USEtox is structured in a matrix framework composed of a series of matrices combining fate with exposure and effect (Rosenbaum et al. 2007). Characterization factors (CF i freshwater ecotox, [PAF m3 day/kgemitted]) represent the freshwater ecotoxicological impacts of chemicals per mass unit of chemical emitted, where the impact is quantified as the potentially affected fraction (PAF) of species. The characterization factors can be expressed as the multiplication of four factors. The first three terms describe the transport and exposure of a substance: the fraction transferred from emission compartment i to freshwater (f i,w , [−]), the environmental fate factor in freshwater (FFw,w, [kgin water/(kgemitted/day) = day]), and the exposure factor, i.e., the dissolved and bioavailable fraction (XFw, [−]). The final term, the effect factor, describes the ecotoxicological impact for freshwater ecosystems (EFw, [PAF m3/kgin water]):

$$ {\text{CF}}_i^{{{\text{freshwater}}\;{\text{ecotox}}}} = {f_{{i,w}}} \times {\text{F}}{{\text{F}}_{{{\text{w,w}}}}} \times {\text{X}}{{\text{F}}_{\text{w}}} \times {\text{E}}{{\text{F}}_{\text{w}}} $$
(1)

For ecosystem damage, the characterization factor CF thus links an emission to the temporally and spatially integrated increase in the affected fraction of species due to an emission into a specific compartment, expressed as [PAF m3 day/kgemitted].
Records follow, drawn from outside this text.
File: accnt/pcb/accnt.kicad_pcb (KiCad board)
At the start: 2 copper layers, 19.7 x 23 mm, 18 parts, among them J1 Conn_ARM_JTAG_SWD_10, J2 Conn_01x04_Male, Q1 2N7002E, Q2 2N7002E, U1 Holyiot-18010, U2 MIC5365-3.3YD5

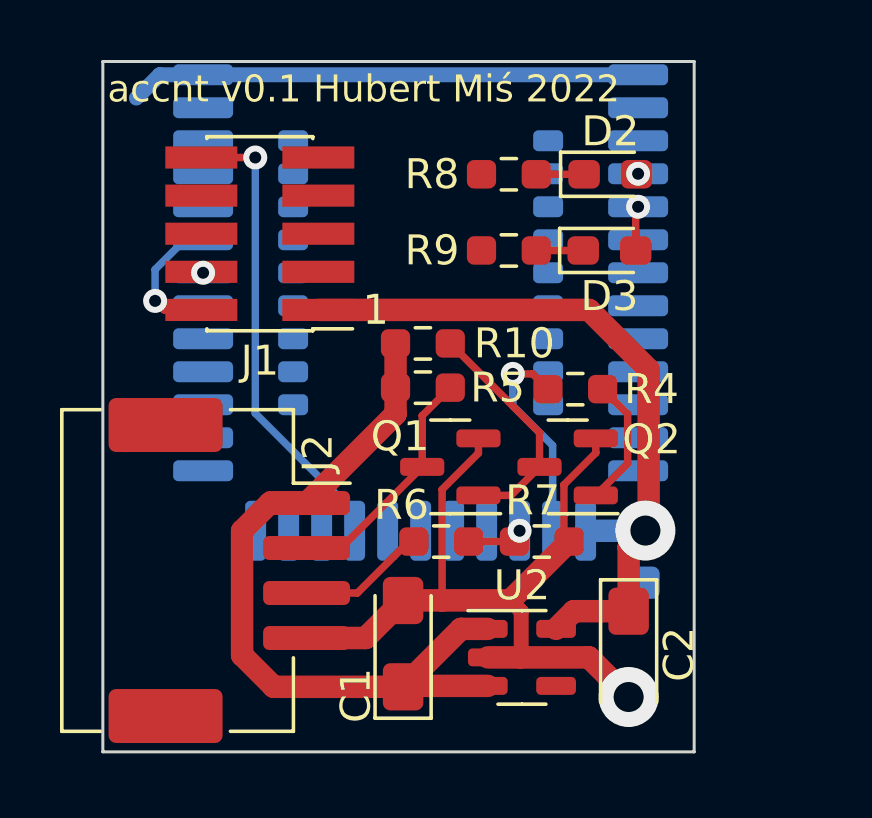
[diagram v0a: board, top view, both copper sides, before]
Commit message: accnt: fix missing GND connection in PCB
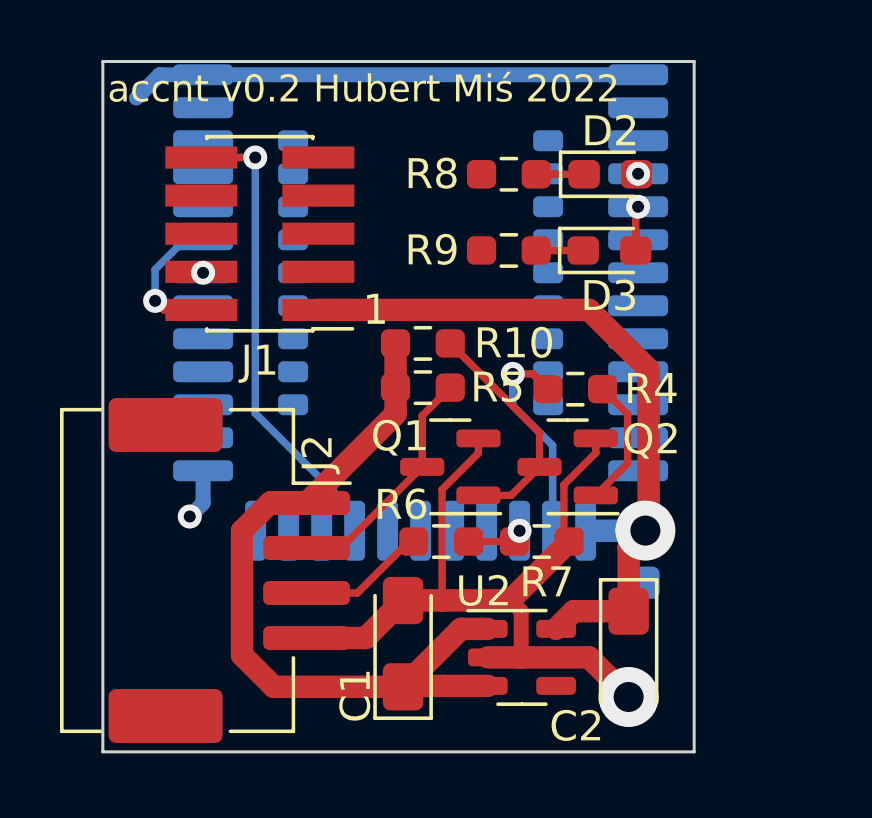
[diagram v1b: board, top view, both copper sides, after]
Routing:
- net GND: track 44.3 -> 46.0 mm, vias 1 -> 2
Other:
- board text added: "accnt v0.2 Hubert Miś 2022"
- board text removed: "accnt v0.1 Hubert Miś 2022"
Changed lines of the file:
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@@
     (property "Sheetname" "")
     (attr smd)
-    (fp_text reference "U2" (at 0 -2.4) (layer "F.SilkS")
+    (fp_text reference "U2" (at -1.2736 -2.1956) (layer "F.SilkS")
       (effects (font (size 1 1) (thickness 0.15)))
     )
@@
     (property "Sheetname" "")
     (attr smd)
-    (fp_text reference "C2" (at 0 -1.6764 90) (layer "F.SilkS")
+    (fp_text reference "C2" (at 2.406 1.7296 180) (layer "F.SilkS")
       (effects (font (size 1 1) (thickness 0.15)))
     )
@@
     (property "Sheetname" "")
     (attr smd)
-    (fp_text reference "R7" (at -0.3048 -1.3716) (layer "F.SilkS")
+    (fp_text reference "R7" (at 0.166 1.3652) (layer "F.SilkS")
       (effects (font (size 1 1) (thickness 0.15)))
     )
@@
   )
   (gr_rect (start 54.2036 46.5328) (end 73.914 69.5452) (layer "Edge.Cuts") (width 0.1) (fill none))
-  (gr_text "accnt v0.1 Hubert Miś 2022" (at 54.356 47.4472) (layer "F.SilkS")
+  (gr_text "accnt v0.2 Hubert Miś 2022" (at 54.356 47.4472) (layer "F.SilkS")
     (effects (font (size 0.9 0.9) (thickness 0.15)) (justify left))
   )
@@
   (segment (start 68.1228 66.3956) (end 70.4088 66.3956) (width 0.75) (layer "F.Cu") (net 2))
   (segment (start 69.7465 62.5348) (end 69.57308 62.36138) (width 0.25) (layer "F.Cu") (net 2))
+  (via (at 57.1 61.7) (size 0.8) (drill 0.4) (layers "F.Cu" "B.Cu") (net 2))
   (via (at 71.7296 67.7164) (size 2) (drill 1) (layers "F.Cu" "B.Cu") (net 2))
+  (segment (start 57.545 61.255) (end 57.1 61.7) (width 0.5) (layer "B.Cu") (net 2))
+  (segment (start 57.545 60.175) (end 57.545 61.255) (width 0.5) (layer "B.Cu") (net 2))
   (segment (start 72.045 46.975) (end 57.545 46.975) (width 0.5) (layer "B.Cu") (net 2))
   (segment (start 56.0982 46.975) (end 55.3212 47.752) (width 0.5) (layer "B.Cu") (net 2))

In the matrix framework of Rosenbaum et al. (2007), fate factors express the resident mass [kilogram] per unit of emission [kilogram day−1], yielding an overall dimension of [day]. Persistence of a substance in water, for an emission to the water compartment, is indicated by the fate factor FFw,w. The tendency of a chemical to be transported into freshwater after an emission into compartment i is represented FFw,i. The latter type of fate factor can be viewed as the product of an intercompartment transfer fraction [f i,w , the transfer from compartment i to freshwater] and the residence time in water, FFw,w. Exposure factors, XFw [−], represent the bioavailability of the chemicals to aquatic organisms. For aquatic systems, the XF is calculated as the truly dissolved fraction of a substance.

2.1.1 Air compartment and rain

Chemicals in the urban air compartment are either removed via degradation or transfer to rural air via advection, to rural soil via deposition, and to rural surface water via deposition or runoff from the surface, which is considered to be 100% paved. Most existing multimedia fate models treat wet deposition as a continuous process (constant drizzle). Several studies have shown that this approach may seriously underestimate exposure via air for chemicals with small air-water partition coefficients (Hertwich 2001). This problem was solved in USEtox by implementing the routine published by Jolliet and Hauschild (2005) to describe intermittent wet atmospheric deposition.

2.2 Freshwater ecotoxicity effect factors

The effect factor expresses the ability of a substance to cause toxic effects to the exposed freshwater ecosystems. The elements of the effect factor matrix for ecotoxicity (EFw) directly relate the dissolved concentration in the freshwater compartment of the environment to the species response, represented as the fraction of the species which are potentially affected.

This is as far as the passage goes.